The Militant (logo)  

Vol. 81/No. 45      December 4, 2017

 

Festival goers show thirst for political literature

 
BY LINDA HARRIS
SOCHI, Russia — “Why are you interested in Cuba, Che and Fidel?” Andrés Mendoza asked Ani Rafaelian, a young worker from Sochi.

Mendoza was staffing the table of the Young Socialists from the U.K. at the 19th World Festival of Youth and Students here, and Rafaelian had just bought a copy of To Speak the Truth: Why Washington’s ‘Cold War’ Against Cuba Doesn’t End by the two Cuban revolutionary leaders.

“Politics in Russia is very dark and full of lies,” Rafaelian replied. “But Che Guevara and Fidel Castro were different. We need more people like that today.”

Participants at the festival here snatched up over 800 books by communist and other revolutionary leaders.

Yaroslav Markelov, a 24-year-old engineer from Nizhni Archiz in Karachayevo-Cherkesiya, Russia, talked to Ólof Andra Proppé, also from the U.K. “Wages are low there,” Markelov said, “Many people are unemployed, and those working are paid as little as 7,000 rubles [$210] per month.”

“The capitalist crisis is affecting workers around the world. The bosses seek to make us pay for their crisis,” Proppé responded. Markelov was intrigued by the title of Is Socialist Revolution in the US Possible? by Mary-Alice Waters, a leader of the Socialist Workers Party in the U.S. He got the book to learn more about the SWP.

The hallways of the festival venue were thronged by young people looking at tables organized by youth organizations throughout the world, including four staffed by members of the Young Socialists.

The brisk sales reflected the interest in debating politics and a road forward. Half the books from Young Socialists tables were sold to youth from Russia. The top seller was Are They Rich Because They’re Smart? by SWP National Secretary Jack Barnes, with 78 copies purchased in different languages. This was followed by 73 copies of Is Socialist Revolution in the US Possible? and 60 of The Clintons’ Anti-Working-Class Record, also by Barnes. Eighteen participants got subscriptions to the Militant.

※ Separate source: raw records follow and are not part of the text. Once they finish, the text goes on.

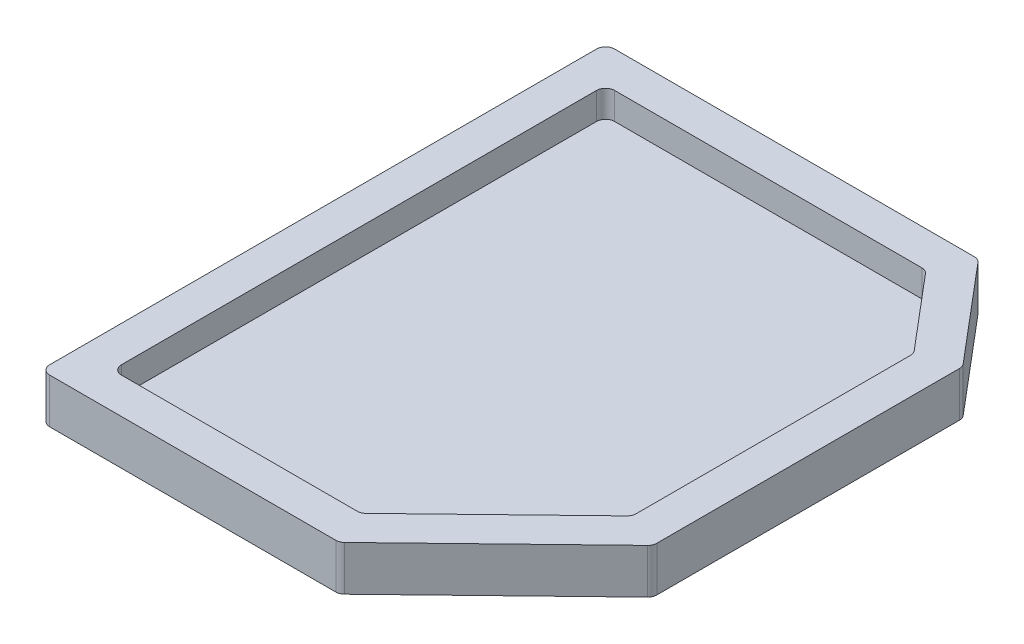
ISO-10303-21;
HEADER;
FILE_DESCRIPTION(('STEP AP214'),'2;1');
FILE_NAME('part.step','',(''),(''),'','','');
FILE_SCHEMA(('AUTOMOTIVE_DESIGN { 1 0 10303 214 1 1 1 1 }'));
ENDSEC;
DATA;
#1=APPLICATION_CONTEXT('core data for automotive mechanical design processes');
#2=APPLICATION_PROTOCOL_DEFINITION('international standard','automotive_design',2000,#1);
#3=PRODUCT_CONTEXT('',#1,'mechanical');
#4=PRODUCT('Part','Part','',(#3));
#5=PRODUCT_RELATED_PRODUCT_CATEGORY('part','',(#4));
#6=PRODUCT_DEFINITION_FORMATION('','',#4);
#7=PRODUCT_DEFINITION_CONTEXT('part definition',#1,'design');
#8=PRODUCT_DEFINITION('design','',#6,#7);
#9=PRODUCT_DEFINITION_SHAPE('','',#8);
#10=(LENGTH_UNIT() NAMED_UNIT(*) SI_UNIT(.MILLI.,.METRE.));
#11=(NAMED_UNIT(*) PLANE_ANGLE_UNIT() SI_UNIT($,.RADIAN.));
#12=(NAMED_UNIT(*) SI_UNIT($,.STERADIAN.) SOLID_ANGLE_UNIT());
#13=UNCERTAINTY_MEASURE_WITH_UNIT(LENGTH_MEASURE(1.E-05),#10,'distance_accuracy_value','');
#14=(GEOMETRIC_REPRESENTATION_CONTEXT(3) GLOBAL_UNCERTAINTY_ASSIGNED_CONTEXT((#13)) GLOBAL_UNIT_ASSIGNED_CONTEXT((#10,
#11,#12)) REPRESENTATION_CONTEXT('',''));
#15=CARTESIAN_POINT('',(0.,0.,0.));
#16=DIRECTION('',(0.,0.,1.));
#17=DIRECTION('',(1.,0.,0.));
#18=AXIS2_PLACEMENT_3D('',#15,#16,#17);
#19=CARTESIAN_POINT('',(0.,5.,0.));
#20=DIRECTION('',(0.,-1.,0.));
#21=DIRECTION('',(0.,0.,-1.));
#22=AXIS2_PLACEMENT_3D('',#19,#20,#21);
#23=PLANE('',#22);
#24=DIRECTION('',(-1.,0.,0.));
#25=VECTOR('',#24,1.);
#26=CARTESIAN_POINT('',(-4.5,5.,-58.5));
#27=LINE('',#26,#25);
#28=CARTESIAN_POINT('',(36.6251985368632,5.,-58.5));
#29=VERTEX_POINT('',#28);
#30=CARTESIAN_POINT('',(-3.5,5.,-58.5));
#31=VERTEX_POINT('',#30);
#32=EDGE_CURVE('E455',#29,#31,#27,.T.);
#33=ORIENTED_EDGE('',*,*,#32,.T.);
#34=CARTESIAN_POINT('',(-3.5,5.,-57.5));
#35=DIRECTION('',(0.,-1.,0.));
#36=DIRECTION('',(0.,0.,-1.));
#37=AXIS2_PLACEMENT_3D('',#34,#35,#36);
#38=CIRCLE('',#37,1.);
#39=CARTESIAN_POINT('',(-4.5,5.,-57.5));
#40=VERTEX_POINT('',#39);
#41=EDGE_CURVE('E278',#31,#40,#38,.F.);
#42=ORIENTED_EDGE('',*,*,#41,.T.);
#43=DIRECTION('',(0.,0.,1.));
#44=VECTOR('',#43,1.);
#45=CARTESIAN_POINT('',(-4.5,5.,4.5));
#46=LINE('',#45,#44);
#47=CARTESIAN_POINT('',(-4.5,5.,3.5));
#48=VERTEX_POINT('',#47);
#49=EDGE_CURVE('E223',#40,#48,#46,.T.);
#50=ORIENTED_EDGE('',*,*,#49,.T.);
#51=CARTESIAN_POINT('',(-3.5,5.,3.5));
#52=DIRECTION('',(0.,-1.,0.));
#53=DIRECTION('',(0.,0.,-1.));
#54=AXIS2_PLACEMENT_3D('',#51,#52,#53);
#55=CIRCLE('',#54,1.);
#56=CARTESIAN_POINT('',(-3.5,5.,4.5));
#57=VERTEX_POINT('',#56);
#58=EDGE_CURVE('E269',#48,#57,#55,.F.);
#59=ORIENTED_EDGE('',*,*,#58,.T.);
#60=DIRECTION('',(1.,0.,0.));
#61=VECTOR('',#60,1.);
#62=CARTESIAN_POINT('',(28.8196040629854,5.,4.5));
#63=LINE('',#62,#61);
#64=CARTESIAN_POINT('',(28.4152476045442,5.,4.5));
#65=VERTEX_POINT('',#64);
#66=EDGE_CURVE('E232',#57,#65,#63,.T.);
#67=ORIENTED_EDGE('',*,*,#66,.T.);
#68=CARTESIAN_POINT('',(28.4152476045442,5.,3.5));
#69=DIRECTION('',(0.,-1.,0.));
#70=DIRECTION('',(0.,0.,-1.));
#71=AXIS2_PLACEMENT_3D('',#68,#69,#70);
#72=CIRCLE('',#71,1.);
#73=CARTESIAN_POINT('',(29.1103142444199,5.,4.21894531511923));
#74=VERTEX_POINT('',#73);
#75=EDGE_CURVE('E266',#65,#74,#72,.F.);
#76=ORIENTED_EDGE('',*,*,#75,.T.);
#77=DIRECTION('',(0.718945315119227,0.,-0.695066639875714));
#78=VECTOR('',#77,1.);
#79=CARTESIAN_POINT('',(46.5978516175038,5.,-12.6877700998002));
#80=LINE('',#79,#78);
#81=CARTESIAN_POINT('',(46.2929182573795,5.,-12.3929646374787));
#82=VERTEX_POINT('',#81);
#83=EDGE_CURVE('E238',#74,#82,#80,.T.);
#84=ORIENTED_EDGE('',*,*,#83,.T.);
#85=CARTESIAN_POINT('',(45.5978516175038,5.,-13.1119099525979));
#86=DIRECTION('',(0.,-1.,0.));
#87=DIRECTION('',(0.,0.,-1.));
#88=AXIS2_PLACEMENT_3D('',#85,#86,#87);
#89=CIRCLE('',#88,1.);
#90=CARTESIAN_POINT('',(46.5978516175038,5.,-13.1119099525979));
#91=VERTEX_POINT('',#90);
#92=EDGE_CURVE('E263',#82,#91,#89,.F.);
#93=ORIENTED_EDGE('',*,*,#92,.T.);
#94=DIRECTION('',(0.,0.,-1.));
#95=VECTOR('',#94,1.);
#96=CARTESIAN_POINT('',(46.5978516175038,5.,-47.2425028075199));
#97=LINE('',#96,#95);
#98=CARTESIAN_POINT('',(46.5978516175038,5.,-46.8767020586021));
#99=VERTEX_POINT('',#98);
#100=EDGE_CURVE('E447',#91,#99,#97,.T.);
#101=ORIENTED_EDGE('',*,*,#100,.T.);
#102=CARTESIAN_POINT('',(45.5978516175038,5.,-46.8767020586021));
#103=DIRECTION('',(0.,-1.,0.));
#104=DIRECTION('',(0.,0.,-1.));
#105=AXIS2_PLACEMENT_3D('',#102,#103,#104);
#106=CIRCLE('',#105,1.);
#107=CARTESIAN_POINT('',(46.3618153050138,5.,-47.521961296557));
#108=VERTEX_POINT('',#107);
#109=EDGE_CURVE('E272',#99,#108,#106,.F.);
#110=ORIENTED_EDGE('',*,*,#109,.T.);
#111=DIRECTION('',(-0.645259237954887,0.,-0.763963687510001));
#112=VECTOR('',#111,1.);
#113=CARTESIAN_POINT('',(37.089540975967,5.,-58.5));
#114=LINE('',#113,#112);
#115=CARTESIAN_POINT('',(37.3891622243732,5.,-58.1452592379549));
#116=VERTEX_POINT('',#115);
#117=EDGE_CURVE('E451',#108,#116,#114,.T.);
#118=ORIENTED_EDGE('',*,*,#117,.T.);
#119=CARTESIAN_POINT('',(36.6251985368632,5.,-57.5));
#120=DIRECTION('',(0.,-1.,0.));
#121=DIRECTION('',(0.,0.,-1.));
#122=AXIS2_PLACEMENT_3D('',#119,#120,#121);
#123=CIRCLE('',#122,1.);
#124=EDGE_CURVE('E275',#116,#29,#123,.F.);
#125=ORIENTED_EDGE('',*,*,#124,.T.);
#126=EDGE_LOOP('',(#33,#42,#50,#59,#67,#76,#84,#93,#101,#110,#118,#125));
#127=FACE_BOUND('',#126,.T.);
#128=DIRECTION('',(1.,0.,0.));
#129=VECTOR('',#128,1.);
#130=CARTESIAN_POINT('',(27.2021782292206,5.,0.5));
#131=LINE('',#130,#129);
#132=CARTESIAN_POINT('',(0.5,5.,0.5));
#133=VERTEX_POINT('',#132);
#134=CARTESIAN_POINT('',(26.7978217707794,5.,0.5));
#135=VERTEX_POINT('',#134);
#136=EDGE_CURVE('E383',#133,#135,#131,.T.);
#137=ORIENTED_EDGE('',*,*,#136,.F.);
#138=CARTESIAN_POINT('',(0.5,5.,-0.5));
#139=DIRECTION('',(0.,-1.,0.));
#140=DIRECTION('',(0.,0.,-1.));
#141=AXIS2_PLACEMENT_3D('',#138,#139,#140);
#142=CIRCLE('',#141,1.);
#143=CARTESIAN_POINT('',(-0.5,5.,-0.5));
#144=VERTEX_POINT('',#143);
#145=EDGE_CURVE('E11',#133,#144,#142,.T.);
#146=ORIENTED_EDGE('',*,*,#145,.T.);
#147=DIRECTION('',(0.,0.,1.));
#148=VECTOR('',#147,1.);
#149=CARTESIAN_POINT('',(-0.5,5.,0.5));
#150=LINE('',#149,#148);
#151=CARTESIAN_POINT('',(-0.5,5.,-53.5));
#152=VERTEX_POINT('',#151);
#153=EDGE_CURVE('E439',#152,#144,#150,.T.);
#154=ORIENTED_EDGE('',*,*,#153,.F.);
#155=CARTESIAN_POINT('',(0.5,5.,-53.5));
#156=DIRECTION('',(0.,-1.,0.));
#157=DIRECTION('',(0.,0.,-1.));
#158=AXIS2_PLACEMENT_3D('',#155,#156,#157);
#159=CIRCLE('',#158,1.);
#160=CARTESIAN_POINT('',(0.5,5.,-54.5));
#161=VERTEX_POINT('',#160);
#162=EDGE_CURVE('E366',#152,#161,#159,.T.);
#163=ORIENTED_EDGE('',*,*,#162,.T.);
#164=DIRECTION('',(-1.,0.,0.));
#165=VECTOR('',#164,1.);
#166=CARTESIAN_POINT('',(-0.5,5.,-54.5));
#167=LINE('',#166,#165);
#168=CARTESIAN_POINT('',(34.7678287804481,5.,-54.5));
#169=VERTEX_POINT('',#168);
#170=EDGE_CURVE('E435',#169,#161,#167,.T.);
#171=ORIENTED_EDGE('',*,*,#170,.F.);
#172=CARTESIAN_POINT('',(34.7678287804481,5.,-53.5));
#173=DIRECTION('',(0.,-1.,0.));
#174=DIRECTION('',(0.,0.,-1.));
#175=AXIS2_PLACEMENT_3D('',#172,#173,#174);
#176=CIRCLE('',#175,1.);
#177=CARTESIAN_POINT('',(35.5317924679581,5.,-54.1452592379549));
#178=VERTEX_POINT('',#177);
#179=EDGE_CURVE('E369',#169,#178,#176,.T.);
#180=ORIENTED_EDGE('',*,*,#179,.T.);
#181=DIRECTION('',(-0.645259237954887,0.,-0.763963687510001));
#182=VECTOR('',#181,1.);
#183=CARTESIAN_POINT('',(35.2321712195519,5.,-54.5));
#184=LINE('',#183,#182);
#185=CARTESIAN_POINT('',(42.3618153050138,5.,-46.058758300886));
#186=VERTEX_POINT('',#185);
#187=EDGE_CURVE('E431',#186,#178,#184,.T.);
#188=ORIENTED_EDGE('',*,*,#187,.F.);
#189=CARTESIAN_POINT('',(41.5978516175038,5.,-45.4134990629311));
#190=DIRECTION('',(0.,-1.,0.));
#191=DIRECTION('',(0.,0.,-1.));
#192=AXIS2_PLACEMENT_3D('',#189,#190,#191);
#193=CIRCLE('',#192,1.);
#194=CARTESIAN_POINT('',(42.5978516175038,5.,-45.4134990629311));
#195=VERTEX_POINT('',#194);
#196=EDGE_CURVE('E372',#186,#195,#193,.T.);
#197=ORIENTED_EDGE('',*,*,#196,.T.);
#198=DIRECTION('',(0.,0.,-1.));
#199=VECTOR('',#198,1.);
#200=CARTESIAN_POINT('',(42.5978516175038,5.,-45.7792998118489));
#201=LINE('',#200,#199);
#202=CARTESIAN_POINT('',(42.5978516175038,5.,-14.8084693637889));
#203=VERTEX_POINT('',#202);
#204=EDGE_CURVE('E427',#203,#195,#201,.T.);
#205=ORIENTED_EDGE('',*,*,#204,.F.);
#206=CARTESIAN_POINT('',(41.5978516175038,5.,-14.8084693637889));
#207=DIRECTION('',(0.,-1.,0.));
#208=DIRECTION('',(0.,0.,-1.));
#209=AXIS2_PLACEMENT_3D('',#206,#207,#208);
#210=CIRCLE('',#209,1.);
#211=CARTESIAN_POINT('',(42.2929182573795,5.,-14.0895240486696));
#212=VERTEX_POINT('',#211);
#213=EDGE_CURVE('E375',#203,#212,#210,.T.);
#214=ORIENTED_EDGE('',*,*,#213,.T.);
#215=DIRECTION('',(0.718945315119227,0.,-0.695066639875714));
#216=VECTOR('',#215,1.);
#217=CARTESIAN_POINT('',(42.5978516175038,5.,-14.3843295109911));
#218=LINE('',#217,#216);
#219=CARTESIAN_POINT('',(27.4928884106551,5.,0.218945315119227));
#220=VERTEX_POINT('',#219);
#221=EDGE_CURVE('E386',#220,#212,#218,.T.);
#222=ORIENTED_EDGE('',*,*,#221,.F.);
#223=CARTESIAN_POINT('',(26.7978217707794,5.,-0.5));
#224=DIRECTION('',(0.,-1.,0.));
#225=DIRECTION('',(0.,0.,-1.));
#226=AXIS2_PLACEMENT_3D('',#223,#224,#225);
#227=CIRCLE('',#226,1.);
#228=EDGE_CURVE('E48',#220,#135,#227,.T.);
#229=ORIENTED_EDGE('',*,*,#228,.T.);
#230=EDGE_LOOP('',(#137,#146,#154,#163,#171,#180,#188,#197,#205,#214,#222,#229));
#231=FACE_BOUND('',#230,.T.);
#232=ADVANCED_FACE('F39',(#127,#231),#23,.F.);
#233=CARTESIAN_POINT('',(0.,0.,0.));
#234=DIRECTION('',(0.,-1.,0.));
#235=DIRECTION('',(0.,0.,-1.));
#236=AXIS2_PLACEMENT_3D('',#233,#234,#235);
#237=PLANE('',#236);
#238=DIRECTION('',(0.,0.,1.));
#239=VECTOR('',#238,1.);
#240=CARTESIAN_POINT('',(-4.5,0.,4.5));
#241=LINE('',#240,#239);
#242=CARTESIAN_POINT('',(-4.5,0.,-57.5));
#243=VERTEX_POINT('',#242);
#244=CARTESIAN_POINT('',(-4.5,0.,3.5));
#245=VERTEX_POINT('',#244);
#246=EDGE_CURVE('E220',#243,#245,#241,.T.);
#247=ORIENTED_EDGE('',*,*,#246,.F.);
#248=CARTESIAN_POINT('',(-3.5,0.,-57.5));
#249=DIRECTION('',(0.,-1.,0.));
#250=DIRECTION('',(0.,0.,-1.));
#251=AXIS2_PLACEMENT_3D('',#248,#249,#250);
#252=CIRCLE('',#251,1.);
#253=CARTESIAN_POINT('',(-3.5,0.,-58.5));
#254=VERTEX_POINT('',#253);
#255=EDGE_CURVE('E202',#243,#254,#252,.T.);
#256=ORIENTED_EDGE('',*,*,#255,.T.);
#257=DIRECTION('',(-1.,0.,0.));
#258=VECTOR('',#257,1.);
#259=CARTESIAN_POINT('',(-4.5,0.,-58.5));
#260=LINE('',#259,#258);
#261=CARTESIAN_POINT('',(36.6251985368632,0.,-58.5));
#262=VERTEX_POINT('',#261);
#263=EDGE_CURVE('E233',#262,#254,#260,.T.);
#264=ORIENTED_EDGE('',*,*,#263,.F.);
#265=CARTESIAN_POINT('',(36.6251985368632,0.,-57.5));
#266=DIRECTION('',(0.,-1.,0.));
#267=DIRECTION('',(0.,0.,-1.));
#268=AXIS2_PLACEMENT_3D('',#265,#266,#267);
#269=CIRCLE('',#268,1.);
#270=CARTESIAN_POINT('',(37.3891622243732,0.,-58.1452592379549));
#271=VERTEX_POINT('',#270);
#272=EDGE_CURVE('E214',#262,#271,#269,.T.);
#273=ORIENTED_EDGE('',*,*,#272,.T.);
#274=DIRECTION('',(-0.645259237954887,0.,-0.763963687510001));
#275=VECTOR('',#274,1.);
#276=CARTESIAN_POINT('',(37.089540975967,0.,-58.5));
#277=LINE('',#276,#275);
#278=CARTESIAN_POINT('',(46.3618153050138,0.,-47.521961296557));
#279=VERTEX_POINT('',#278);
#280=EDGE_CURVE('E240',#279,#271,#277,.T.);
#281=ORIENTED_EDGE('',*,*,#280,.F.);
#282=CARTESIAN_POINT('',(45.5978516175038,0.,-46.8767020586021));
#283=DIRECTION('',(0.,-1.,0.));
#284=DIRECTION('',(0.,0.,-1.));
#285=AXIS2_PLACEMENT_3D('',#282,#283,#284);
#286=CIRCLE('',#285,1.);
#287=CARTESIAN_POINT('',(46.5978516175038,0.,-46.8767020586021));
#288=VERTEX_POINT('',#287);
#289=EDGE_CURVE('E253',#279,#288,#286,.T.);
#290=ORIENTED_EDGE('',*,*,#289,.T.);
#291=DIRECTION('',(0.,0.,-1.));
#292=VECTOR('',#291,1.);
#293=CARTESIAN_POINT('',(46.5978516175038,0.,-47.2425028075199));
#294=LINE('',#293,#292);
#295=CARTESIAN_POINT('',(46.5978516175038,0.,-13.1119099525979));
#296=VERTEX_POINT('',#295);
#297=EDGE_CURVE('E468',#296,#288,#294,.T.);
#298=ORIENTED_EDGE('',*,*,#297,.F.);
#299=CARTESIAN_POINT('',(45.5978516175038,0.,-13.1119099525979));
#300=DIRECTION('',(0.,-1.,0.));
#301=DIRECTION('',(0.,0.,-1.));
#302=AXIS2_PLACEMENT_3D('',#299,#300,#301);
#303=CIRCLE('',#302,1.);
#304=CARTESIAN_POINT('',(46.2929182573795,0.,-12.3929646374787));
#305=VERTEX_POINT('',#304);
#306=EDGE_CURVE('E225',#296,#305,#303,.T.);
#307=ORIENTED_EDGE('',*,*,#306,.T.);
#308=DIRECTION('',(0.718945315119227,0.,-0.695066639875714));
#309=VECTOR('',#308,1.);
#310=CARTESIAN_POINT('',(46.5978516175038,0.,-12.6877700998002));
#311=LINE('',#310,#309);
#312=CARTESIAN_POINT('',(29.1103142444199,0.,4.21894531511923));
#313=VERTEX_POINT('',#312);
#314=EDGE_CURVE('E464',#313,#305,#311,.T.);
#315=ORIENTED_EDGE('',*,*,#314,.F.);
#316=CARTESIAN_POINT('',(28.4152476045442,0.,3.5));
#317=DIRECTION('',(0.,-1.,0.));
#318=DIRECTION('',(0.,0.,-1.));
#319=AXIS2_PLACEMENT_3D('',#316,#317,#318);
#320=CIRCLE('',#319,1.);
#321=CARTESIAN_POINT('',(28.4152476045442,0.,4.5));
#322=VERTEX_POINT('',#321);
#323=EDGE_CURVE('E248',#313,#322,#320,.T.);
#324=ORIENTED_EDGE('',*,*,#323,.T.);
#325=DIRECTION('',(1.,0.,0.));
#326=VECTOR('',#325,1.);
#327=CARTESIAN_POINT('',(28.8196040629854,0.,4.5));
#328=LINE('',#327,#326);
#329=CARTESIAN_POINT('',(-3.5,0.,4.5));
#330=VERTEX_POINT('',#329);
#331=EDGE_CURVE('E442',#330,#322,#328,.T.);
#332=ORIENTED_EDGE('',*,*,#331,.F.);
#333=CARTESIAN_POINT('',(-3.5,0.,3.5));
#334=DIRECTION('',(0.,-1.,0.));
#335=DIRECTION('',(0.,0.,-1.));
#336=AXIS2_PLACEMENT_3D('',#333,#334,#335);
#337=CIRCLE('',#336,1.);
#338=EDGE_CURVE('E230',#330,#245,#337,.T.);
#339=ORIENTED_EDGE('',*,*,#338,.T.);
#340=EDGE_LOOP('',(#247,#256,#264,#273,#281,#290,#298,#307,#315,#324,#332,#339));
#341=FACE_BOUND('',#340,.T.);
#342=ADVANCED_FACE('F228',(#341),#237,.T.);
#343=CARTESIAN_POINT('',(28.8196040629854,5.,4.5));
#344=DIRECTION('',(0.,0.,-1.));
#345=DIRECTION('',(-1.,0.,0.));
#346=AXIS2_PLACEMENT_3D('',#343,#344,#345);
#347=PLANE('',#346);
#348=ORIENTED_EDGE('',*,*,#66,.F.);
#349=DIRECTION('',(0.,-1.,0.));
#350=VECTOR('',#349,1.);
#351=CARTESIAN_POINT('',(-3.5,5.,4.5));
#352=LINE('',#351,#350);
#353=EDGE_CURVE('E298',#57,#330,#352,.T.);
#354=ORIENTED_EDGE('',*,*,#353,.T.);
#355=ORIENTED_EDGE('',*,*,#331,.T.);
#356=DIRECTION('',(0.,-1.,0.));
#357=VECTOR('',#356,1.);
#358=CARTESIAN_POINT('',(28.4152476045442,5.,4.5));
#359=LINE('',#358,#357);
#360=EDGE_CURVE('E295',#322,#65,#359,.F.);
#361=ORIENTED_EDGE('',*,*,#360,.T.);
#362=EDGE_LOOP('',(#348,#354,#355,#361));
#363=FACE_BOUND('',#362,.T.);
#364=ADVANCED_FACE('F501',(#363),#347,.F.);
#365=CARTESIAN_POINT('',(46.5978516175038,5.,-12.6877700998002));
#366=DIRECTION('',(-0.695066639875714,0.,-0.718945315119227));
#367=DIRECTION('',(-0.718945315119227,0.,0.695066639875714));
#368=AXIS2_PLACEMENT_3D('',#365,#366,#367);
#369=PLANE('',#368);
#370=ORIENTED_EDGE('',*,*,#83,.F.);
#371=DIRECTION('',(0.,-1.,0.));
#372=VECTOR('',#371,1.);
#373=CARTESIAN_POINT('',(29.1103142444199,5.,4.21894531511923));
#374=LINE('',#373,#372);
#375=EDGE_CURVE('E305',#74,#313,#374,.T.);
#376=ORIENTED_EDGE('',*,*,#375,.T.);
#377=ORIENTED_EDGE('',*,*,#314,.T.);
#378=DIRECTION('',(0.,-1.,0.));
#379=VECTOR('',#378,1.);
#380=CARTESIAN_POINT('',(46.2929182573795,5.,-12.3929646374787));
#381=LINE('',#380,#379);
#382=EDGE_CURVE('E302',#305,#82,#381,.F.);
#383=ORIENTED_EDGE('',*,*,#382,.T.);
#384=EDGE_LOOP('',(#370,#376,#377,#383));
#385=FACE_BOUND('',#384,.T.);
#386=ADVANCED_FACE('F718',(#385),#369,.F.);
#387=CARTESIAN_POINT('',(46.5978516175038,5.,-47.2425028075199));
#388=DIRECTION('',(-1.,0.,0.));
#389=DIRECTION('',(0.,0.,1.));
#390=AXIS2_PLACEMENT_3D('',#387,#388,#389);
#391=PLANE('',#390);
#392=ORIENTED_EDGE('',*,*,#297,.T.);
#393=DIRECTION('',(0.,-1.,0.));
#394=VECTOR('',#393,1.);
#395=CARTESIAN_POINT('',(46.5978516175038,5.,-46.8767020586021));
#396=LINE('',#395,#394);
#397=EDGE_CURVE('E292',#288,#99,#396,.F.);
#398=ORIENTED_EDGE('',*,*,#397,.T.);
#399=ORIENTED_EDGE('',*,*,#100,.F.);
#400=DIRECTION('',(0.,-1.,0.));
#401=VECTOR('',#400,1.);
#402=CARTESIAN_POINT('',(46.5978516175038,5.,-13.1119099525979));
#403=LINE('',#402,#401);
#404=EDGE_CURVE('E288',#91,#296,#403,.T.);
#405=ORIENTED_EDGE('',*,*,#404,.T.);
#406=EDGE_LOOP('',(#392,#398,#399,#405));
#407=FACE_BOUND('',#406,.T.);
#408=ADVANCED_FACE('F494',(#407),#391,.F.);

Some 70 titles on the fight for women’s liberation were sold, reflecting deep interest in this struggle among young women worldwide.

Artem Lepeshkin, who is active in the Committee for Friendship with Cuba in Russia, subscribed to the Militant and bought several books in Spanish. These included Is Socialist Revolution in the US Possible? and New International magazine with the article “U.S. Imperialism Has Lost the Cold War.”

“Cuba is an internationalist country,” he told Proppé. “It’s a small country, but it has the weight of a big country.”

Nearly 1,000 participants got copies of a 2016 interview with Alyson Kennedy, Socialist Workers Party candidate for U.S. president last year, published in the Russian language news outlet Gazeta.ru.

“The roots of today’s crisis lie in the capitalist system,” Kennedy said in the interview. She described conditions facing workers in the U.S., and the need for a revolution to “take political power from the rich, from those who control the government.”

On the last day of the festival, Anthony Yuzon, a graduate student from Manila, Philippines, stopped by the table of the Young Socialists from New Zealand. He was looking for Are They Rich Because They’re Smart? but it had sold out. He got a copy of The First and Second Declarations of Havana instead.

“The festival has been a big opportunity to meet people from around the world,” he told me. “These books give us an opportunity to discover politics that is not available in the Philippines. Cuba is inspirational to us as an example of working-class struggle.”

Many people wanted to discuss the legacy of the Bolshevik Revolution, and how the world’s first workers and peasants government was betrayed in the political counterrevolution headed by Joseph Stalin. Nine copies of Lenin’s Final Fight were sold, as well as four of Leon Trotsky’s History of the Russian Revolution — two in Russian — and two copies of Trotsky’s The Revolution Betrayed.

“I’m interested in Trotsky but it’s very hard to find anything by him in Russia,” said Maxim Sikach, an international law student from Khabarovsk Territory, as he bought History of the Russian Revolution. He also got Workers of the World and Oppressed Peoples, Unite! containing documents of the 1920 Second Congress of the Communist International.